Camp Kesem Rice (University): Making Magic!
“I just can’t understand why my dad didn’t get that mole checked out. If he had, I’d still have him.”
“I have so many things I want to tell my mom each day but she’s too sick so I don’t say anything.”
“I miss my daddy so much but he’s in a better place now.”
These comments, which I’ve changed slightly to maintain confidentiality, along with many other incredible experiences and feelings, were shared by the 27 campers, 7 to 14 years old, at a session called “empowerment” at Camp Kesem Rice on August 5. Sadness, but hope, filled the room as the campers talked about how their parent’s cancer affected their lives.
(Kesem means “magic” in Hebrew) is a national organization based at undergraduate institutions that serves the needs of children who have a parent who has cancer or has passed away from cancer. (Learn more from my previous blog on Camp Kesem, here.) It includes a weeklong free summer camp for the children and other activities during the year. This year, Rice University held its first camp at a retreat center in Louisiana. I had the privilege of attending nearly the entire camp as the “Camp Doctor,” although, since we had a great “Camp Nurse,” I mostly spent time helping with the campers. I also made sure all the kids had plenty of sunscreen on them!

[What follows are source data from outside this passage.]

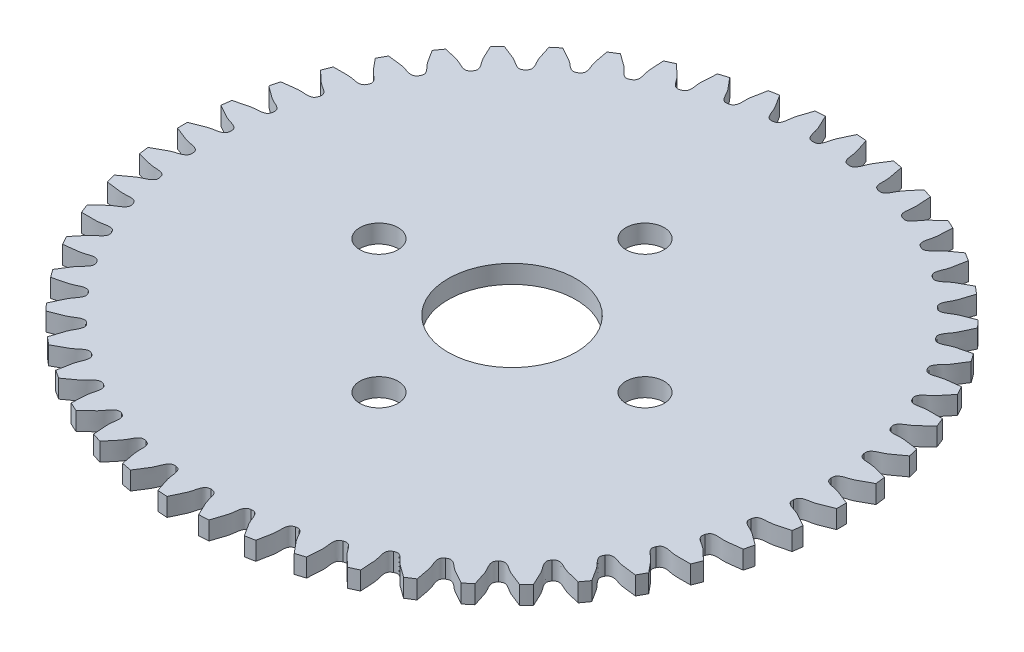
from build123d import *

# Parameters (mm, degrees)
SKETCH1_R      = 4
SKETCH1_R_2    = 1.2
EXTRUDE1_DEPTH = 1.143


with BuildPart() as part:
    # Sketch1 → Extrude1 (new body)
    with BuildSketch(Plane(origin=(0, 0, 0), x_dir=(1, 0, 0), z_dir=(0, 1, 0))):
        with BuildLine():
            ThreePointArc((-11.316727277, -17.257986267), (-11.058125481, -17.424817563), (-10.797064722, -17.587774152))
            add(Edge.make_bspline(
                [(-10.797064722, -17.587774152), (-10.668562717, -17.499911877), (-10.325145211, -17.265102752), (-9.872997884, -16.927766721), (-9.576781921, -16.550411077), (-9.287806909, -16.413373597), (-9.143697884, -16.479266354), (-9.076456009, -16.51001219)],
                knots=[0, 0, 0, 0, 0.220153706, 0.588353748, 0.785743053, 0.90002681, 1, 1, 1, 1], degree=3))
            add(Edge.make_bspline(
                [(-9.064492279, -18.540263913), (-9.059162524, -18.38468712), (-9.044918924, -17.968913109), (-9.002369346, -17.40639881), (-8.842477888, -16.954098135), (-8.881613871, -16.636680109), (-9.014466443, -16.55031194), (-9.076456009, -16.51001219)],
                knots=[0, 0, 0, 0, 0.220153706, 0.588353748, 0.785743053, 0.90002681, 1, 1, 1, 1], degree=3))
            ThreePointArc((-9.064492279, -18.540263913), (-8.78702013, -18.673368295), (-8.507594036, -18.802320335))
            add(Edge.make_bspline(
                [(-8.507594036, -18.802320335), (-8.39111737, -18.699045307), (-8.079837201, -18.423046096), (-7.673534607, -18.031700974), (-7.426949598, -17.620195187), (-7.15742859, -17.448020116), (-7.006197356, -17.495331639), (-6.935632229, -17.517407394)],
                knots=[0, 0, 0, 0, 0.220153706, 0.588353748, 0.785743053, 0.90002681, 1, 1, 1, 1], degree=3))
            add(Edge.make_bspline(
                [(-6.669304822, -19.530150523), (-6.683516037, -19.375132503), (-6.721495053, -18.960851798), (-6.749782727, -18.397440216), (-6.647840367, -17.928666353), (-6.726450779, -17.618656303), (-6.86908057, -17.549620015), (-6.935632229, -17.517407394)],
                knots=[0, 0, 0, 0, 0.220153706, 0.588353748, 0.785743053, 0.90002681, 1, 1, 1, 1], degree=3))
            ThreePointArc((-6.669304822, -19.530150523), (-6.377338221, -19.627428855), (-6.08395351, -19.720342693))
            add(Edge.make_bspline(
                [(-6.08395351, -19.720342693), (-5.981339091, -19.603283623), (-5.707105332, -19.290446998), (-5.353055105, -18.851264531), (-5.159989843, -18.412098294), (-4.914173348, -18.207500935), (-4.758204911, -18.235485093), (-4.685429385, -18.248542618)],
                knots=[0, 0, 0, 0, 0.220153706, 0.588353748, 0.785743053, 0.90002681, 1, 1, 1, 1], degree=3))
            add(Edge.make_bspline(
                [(-4.168938445, -20.212034991), (-4.202466509, -20.060020473), (-4.29206919, -19.653766528), (-4.390748002, -19.098343), (-4.348362433, -18.620488794), (-4.46520754, -18.322775762), (-4.615365194, -18.272160099), (-4.685429385, -18.248542618)],
                knots=[0, 0, 0, 0, 0.220153706, 0.588353748, 0.785743053, 0.90002681, 1, 1, 1, 1], degree=3))
            ThreePointArc((-4.168938445, -20.212034991), (-3.86708188, -20.271953137), (-3.564365403, -20.327363467))
            add(Edge.make_bspline(
                [(-3.564365403, -20.327363467), (-3.47723152, -20.198366446), (-3.244369003, -19.853626027), (-2.948154726, -19.373532385), (-2.811653966, -18.913631611), (-2.593418656, -18.679838588), (-2.435172732, -18.688054054), (-2.36133452, -18.691887424)],
                knots=[0, 0, 0, 0, 0.220153706, 0.588353748, 0.785743053, 0.90002681, 1, 1, 1, 1], degree=3))
            add(Edge.make_bspline(
                [(-1.602825418, -20.575163594), (-1.655141574, -20.428549936), (-1.794954832, -20.036729619), (-1.962468559, -19.498053506), (-1.980308225, -19.018655002), (-2.133545311, -18.737934102), (-2.288862752, -18.706537302), (-2.36133452, -18.691887424)],
                knots=[0, 0, 0, 0, 0.220153706, 0.588353748, 0.785743053, 0.90002681, 1, 1, 1, 1], degree=3))
            ThreePointArc((-1.602825418, -20.575163594), (-1.295839347, -20.596776608), (-0.988565124, -20.613809576))
            add(Edge.make_bspline(
                [(-0.988565124, -20.613809576), (-0.918285932, -20.474908964), (-0.730467036, -20.103701514), (-0.496760186, -19.590268061), (-0.418976626, -19.11688566), (-0.231764202, -18.857584027), (-0.073736424, -18.845901238), (0, -18.84045)],
                knots=[0, 0, 0, 0, 0.220153706, 0.588353748, 0.785743053, 0.90002681, 1, 1, 1, 1], degree=3))
            add(Edge.make_bspline(
                [(0.988565124, -20.613809576), (0.918285932, -20.474908964), (0.730467036, -20.103701514), (0.496760186, -19.590268061), (0.418976626, -19.11688566), (0.231764202, -18.857584027), (0.073736424, -18.845901238), (0, -18.84045)],
                knots=[0, 0, 0, 0, 0.220153706, 0.588353748, 0.785743053, 0.90002681, 1, 1, 1, 1], degree=3))
            ThreePointArc((0.988565124, -20.613809576), (1.295839347, -20.596776608), (1.602825418, -20.575163594))
            add(Edge.make_bspline(
                [(1.602825418, -20.575163594), (1.655141574, -20.428549936), (1.794954832, -20.036729619), (1.962468559, -19.498053506), (1.980308225, -19.018655002), (2.133545311, -18.737934102), (2.288862752, -18.706537302), (2.36133452, -18.691887424)],
                knots=[0, 0, 0, 0, 0.220153706, 0.588353748, 0.785743053, 0.90002681, 1, 1, 1, 1], degree=3))
            add(Edge.make_bspline(
                [(3.564365403, -20.327363467), (3.47723152, -20.198366446), (3.244369003, -19.853626027), (2.948154726, -19.373532385), (2.811653966, -18.913631611), (2.593418656, -18.679838588), (2.435172732, -18.688054054), (2.36133452, -18.691887424)],
                knots=[0, 0, 0, 0, 0.220153706, 0.588353748, 0.785743053, 0.90002681, 1, 1, 1, 1], degree=3))
            ThreePointArc((3.564365403, -20.327363467), (3.86708188, -20.271953137), (4.168938445, -20.212034991))
            add(Edge.make_bspline(
                [(4.168938445, -20.212034991), (4.202466509, -20.060020473), (4.29206919, -19.653766528), (4.390748002, -19.098343), (4.348362433, -18.620488794), (4.46520754, -18.322775762), (4.615365194, -18.272160099), (4.685429385, -18.248542618)],
                knots=[0, 0, 0, 0, 0.220153706, 0.588353748, 0.785743053, 0.90002681, 1, 1, 1, 1], degree=3))
            add(Edge.make_bspline(
                [(6.08395351, -19.720342693), (5.981339091, -19.603283623), (5.707105332, -19.290446998), (5.353055105, -18.851264531), (5.159989843, -18.412098294), (4.914173348, -18.207500935), (4.758204911, -18.235485093), (4.685429385, -18.248542618)],
                knots=[0, 0, 0, 0, 0.220153706, 0.588353748, 0.785743053, 0.90002681, 1, 1, 1, 1], degree=3))
            ThreePointArc((6.08395351, -19.720342693), (6.377338221, -19.627428855), (6.669304822, -19.530150523))
            add(Edge.make_bspline(
                [(6.669304822, -19.530150523), (6.683516037, -19.375132503), (6.721495053, -18.960851798), (6.749782727, -18.397440216), (6.647840367, -17.928666353), (6.726450779, -17.618656303), (6.86908057, -17.549620015), (6.935632229, -17.517407394)],
                knots=[0, 0, 0, 0, 0.220153706, 0.588353748, 0.785743053, 0.90002681, 1, 1, 1, 1], degree=3))
            add(Edge.make_bspline(
                [(8.507594036, -18.802320335), (8.39111737, -18.699045307), (8.079837201, -18.423046096), (7.673534607, -18.031700974), (7.426949598, -17.620195187), (7.15742859, -17.448020116), (7.006197356, -17.495331639), (6.935632229, -17.517407394)],
                knots=[0, 0, 0, 0, 0.220153706, 0.588353748, 0.785743053, 0.90002681, 1, 1, 1, 1], degree=3))
            ThreePointArc((8.507594036, -18.802320335), (8.78702013, -18.673368295), (9.064492279, -18.540263913))
            add(Edge.make_bspline(
                [(9.064492279, -18.540263913), (9.059162524, -18.38468712), (9.044918924, -17.968913109), (9.002369346, -17.40639881), (8.842477888, -16.954098135), (8.881613871, -16.636680109), (9.014466443, -16.55031194), (9.076456009, -16.51001219)],
                knots=[0, 0, 0, 0, 0.220153706, 0.588353748, 0.785743053, 0.90002681, 1, 1, 1, 1], degree=3))
            add(Edge.make_bspline(
                [(10.797064722, -17.587774152), (10.668562717, -17.499911877), (10.325145211, -17.265102752), (9.872997884, -16.927766721), (9.576781921, -16.550411077), (9.287806909, -16.413373597), (9.143697884, -16.479266354), (9.076456009, -16.51001219)],
                knots=[0, 0, 0, 0, 0.220153706, 0.588353748, 0.785743053, 0.90002681, 1, 1, 1, 1], degree=3))
            ThreePointArc((10.797064722, -17.587774152), (11.058125481, -17.424817563), (11.316727277, -17.257986267))
            add(Edge.make_bspline(
                [(11.316727277, -17.257986267), (11.291940606, -17.104304238), (11.225699021, -16.693593926), (11.112983222, -16.140848097), (10.89766425, -15.712153661), (10.896708607, -15.392333531), (11.017688794, -15.289995559), (11.074138657, -15.242244232)],
                knots=[0, 0, 0, 0, 0.220153706, 0.588353748, 0.785743053, 0.90002681, 1, 1, 1, 1], degree=3))
            add(Edge.make_bspline(
                [(12.916259248, -16.095858265), (12.777758456, -16.024794382), (12.407619512, -15.834878424), (11.916758087, -15.556871474), (11.575582672, -15.219617097), (11.271710963, -15.119878371), (11.136996834, -15.203313194), (11.074138657, -15.242244232)],
                knots=[0, 0, 0, 0, 0.220153706, 0.588353748, 0.785743053, 0.90002681, 1, 1, 1, 1], degree=3))
            ThreePointArc((12.916259248, -16.095858265), (13.154837588, -15.901467048), (13.390490726, -15.703539867))
            add(Edge.make_bspline(
                [(13.390490726, -15.703539867), (13.34663804, -15.554176261), (13.229443137, -15.155006794), (13.048338714, -14.620746567), (12.780987937, -14.222419137), (12.739955738, -13.905240659), (12.847155612, -13.788546814), (12.897175522, -13.734096977)],
                knots=[0, 0, 0, 0, 0.220153706, 0.588353748, 0.785743053, 0.90002681, 1, 1, 1, 1], degree=3))
            add(Edge.make_bspline(
                [(14.831756649, -14.350101078), (14.685441311, -14.296956307), (14.294418243, -14.154928603), (13.772583896, -13.940635071), (13.391829569, -13.648800663), (13.077853403, -13.587933631), (12.954658691, -13.687594703), (12.897175522, -13.734096977)],
                knots=[0, 0, 0, 0, 0.220153706, 0.588353748, 0.785743053, 0.90002681, 1, 1, 1, 1], degree=3))
            ThreePointArc((14.831756649, -14.350101078), (15.044090048, -14.127340899), (15.253078137, -13.901439263))
            add(Edge.make_bspline(
                [(15.253078137, -13.901439263), (15.190851019, -13.758749633), (15.024551033, -13.377416152), (14.777914111, -12.870067129), (14.462747809, -12.508388568), (14.382286157, -12.198853835), (14.474015111, -12.069644449), (14.516816225, -12.009354808)],
                knots=[0, 0, 0, 0, 0.220153706, 0.588353748, 0.785743053, 0.90002681, 1, 1, 1, 1], degree=3))
            add(Edge.make_bspline(
                [(16.513348388, -12.378034225), (16.361525984, -12.34364669), (15.955785458, -12.251747103), (15.41120783, -12.104546526), (14.996879314, -11.86273449), (14.677750282, -11.841699061), (14.568017842, -11.956014667), (14.516816225, -12.009354808)],
                knots=[0, 0, 0, 0, 0.220153706, 0.588353748, 0.785743053, 0.90002681, 1, 1, 1, 1], degree=3))
            ThreePointArc((16.513348388, -12.378034225), (16.696088221, -12.130418144), (16.875115394, -11.880104658))
            add(Edge.make_bspline(
                [(16.875115394, -11.880104658), (16.795495203, -11.746339303), (16.582712784, -11.388855667), (16.274432973, -10.916419045), (15.916421509, -10.597093239), (15.797799332, -10.300083799), (15.872610745, -10.160396581), (15.907518064, -10.095217939)],
                knots=[0, 0, 0, 0, 0.220153706, 0.588353748, 0.785743053, 0.90002681, 1, 1, 1, 1], degree=3))
            add(Edge.make_bspline(
                [(17.934514758, -10.210758377), (17.779579618, -10.195670392), (17.365520405, -10.155348232), (16.80678781, -10.077562051), (16.365419314, -9.889585908), (16.046170272, -9.908713822), (15.951630648, -10.035881137), (15.907518064, -10.095217939)],
                knots=[0, 0, 0, 0, 0.220153706, 0.588353748, 0.785743053, 0.90002681, 1, 1, 1, 1], degree=3))
            ThreePointArc((17.934514758, -10.210758377), (18.084779109, -9.942191449), (18.231022001, -9.671413705))
            add(Edge.make_bspline(
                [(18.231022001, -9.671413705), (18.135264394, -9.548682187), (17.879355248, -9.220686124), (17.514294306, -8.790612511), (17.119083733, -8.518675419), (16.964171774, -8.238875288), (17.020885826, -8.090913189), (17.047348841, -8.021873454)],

Known to all by my camp name of “Isotope,” I confess that I had a great time playing camp games and getting to know a fabulous group of campers and the Rice University students who served as their camp counselors. I also learned from the campers and their counselors many things about courage, hope and the importance of community and friendship. It was a “magical” time for the campers and all the counselors and staff members. Here’s the camp video. Look for the “Isotope” cameo appearance at 1:08.
I really want to try a few camp songs on rounds in the hospital. For instance, when everyone is wandering around the neonatal intensive care unit at Texas Children’s, I want to call out (not too loudly of course…) “Make a circle, make, make a circle!” like we did at camp to get everyone together. When people are not listening to me talk, I’ll try singing the “Llama” to get “Silent Llamas” and everyone’s attention.
Beyond the fun and games, what I saw at Camp Kesem were two things that give me immense hope for the future. First was the support and affection the campers gave to each other. They were bonded together by their parents’ illnesses and how these illnesses have affected them. They made friends, helped each other, and shared experiences, emotions, fears and even a bit of anger in a way that I did not think that children, some only 7 or 8 years old, could share. Their lives were greatly enriched by knowing that they were not alone in dealing with tragedy at home and talking about it with other kids and the counselors.
The other thing that was great was watching the college students and program leaders from Rice University work with the kids and help them share their experiences. This was a chance for 18-21 year old college students, most of whom do not have parents with cancer, to move out of their comfort zone by helping younger children express themselves while guiding them through the camp experience. I literally watched the counselors mature over a very short period of time.
The Rice student leaders, known as “Bubshine,” the combination name for “Bubbles” (Mariah Lawhon) and “Sunshine” (Stacey Yi), worked tirelessly to make the first Camp Kesem Rice a great success. They handled the usual array of camp crises including multiple water outages, while being incredibly supportive of counselors and campers alike.